Dataset extract section start
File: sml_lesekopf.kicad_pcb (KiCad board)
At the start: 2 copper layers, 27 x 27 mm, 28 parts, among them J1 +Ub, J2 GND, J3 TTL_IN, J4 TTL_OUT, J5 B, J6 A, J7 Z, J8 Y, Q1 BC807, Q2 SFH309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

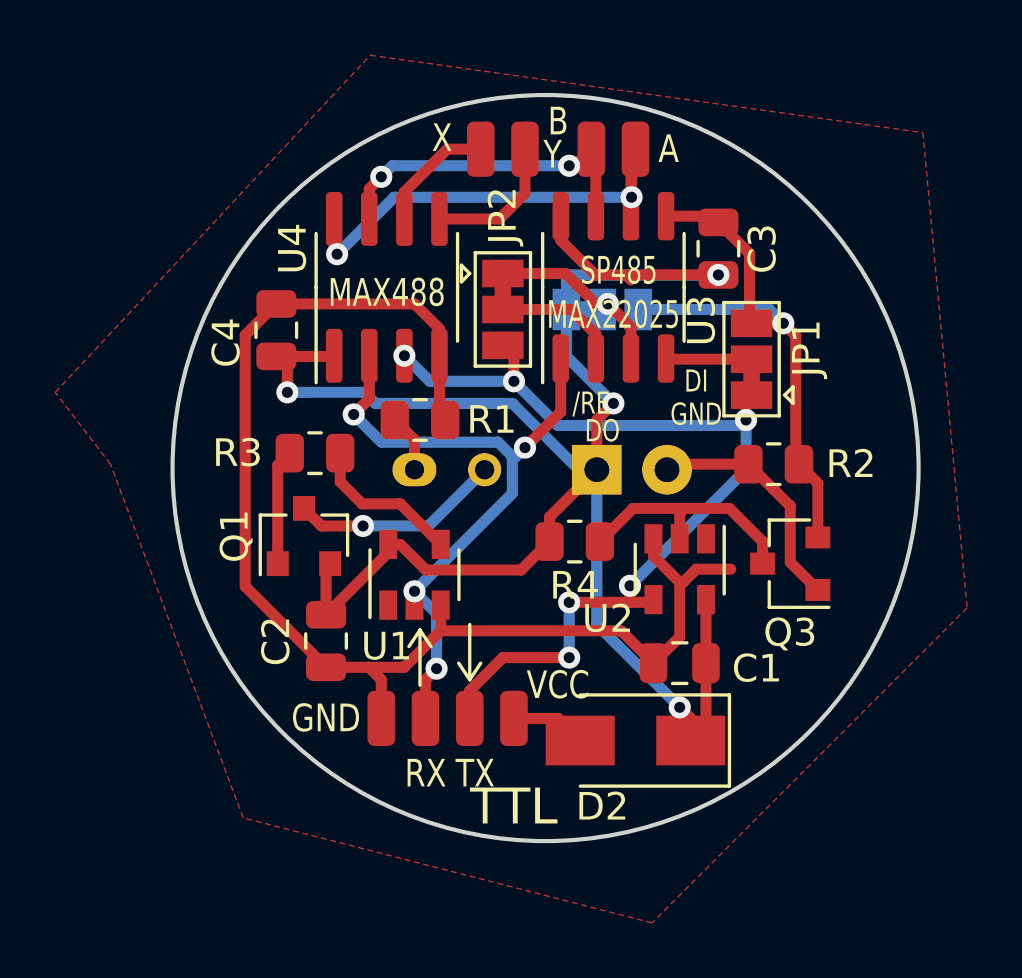
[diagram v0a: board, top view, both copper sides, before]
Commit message: update IR led
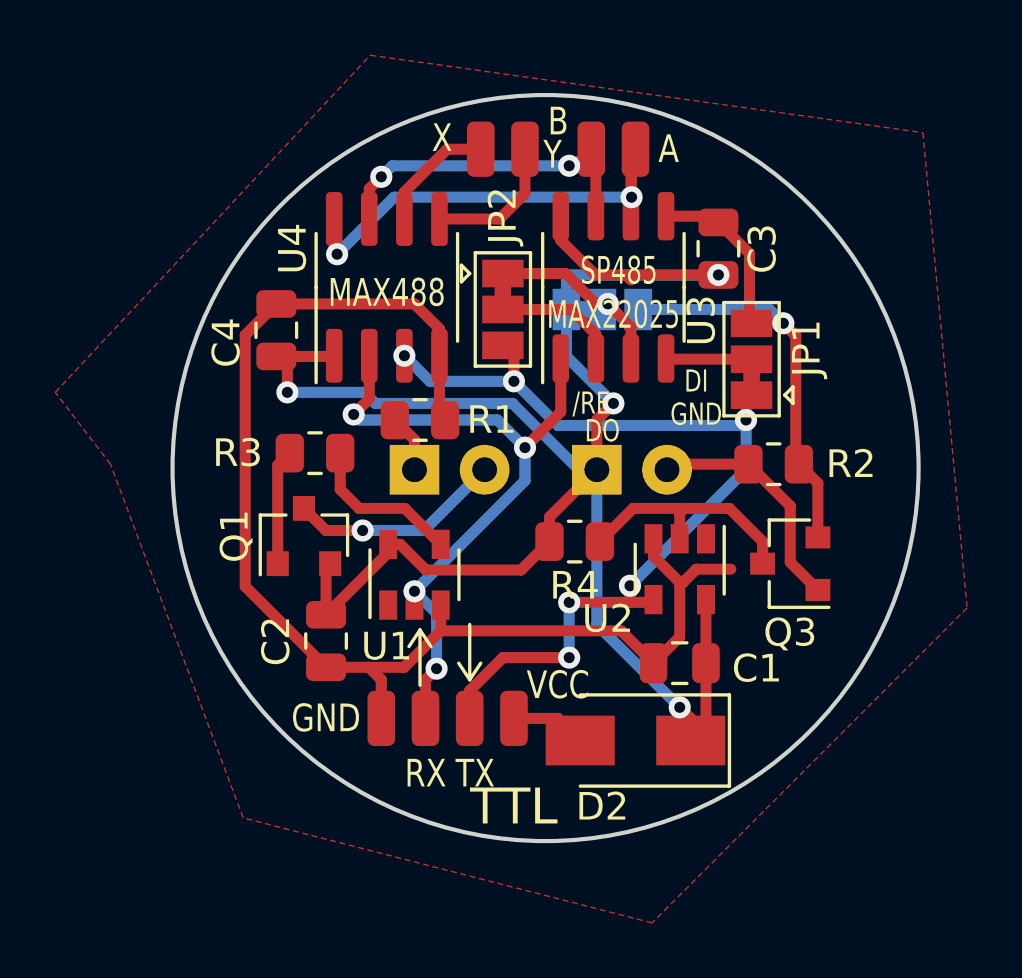
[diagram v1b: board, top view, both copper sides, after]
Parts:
- D1: footprint Package_TO_SOT_THT:TO-18-2_Window -> LED_THT:LED_D3.0mm_IRGrey
Dataset extract section end
Task goal: Your answer must be exactly the lines from the one with "Commit message: update IR led" through the final line of the data, with no pictures in it.

Answer area:
Commit message: update IR led
[diagram v1b: board, top view, both copper sides, after]
Parts:
- D1: footprint Package_TO_SOT_THT:TO-18-2_Window -> LED_THT:LED_D3.0mm_IRGrey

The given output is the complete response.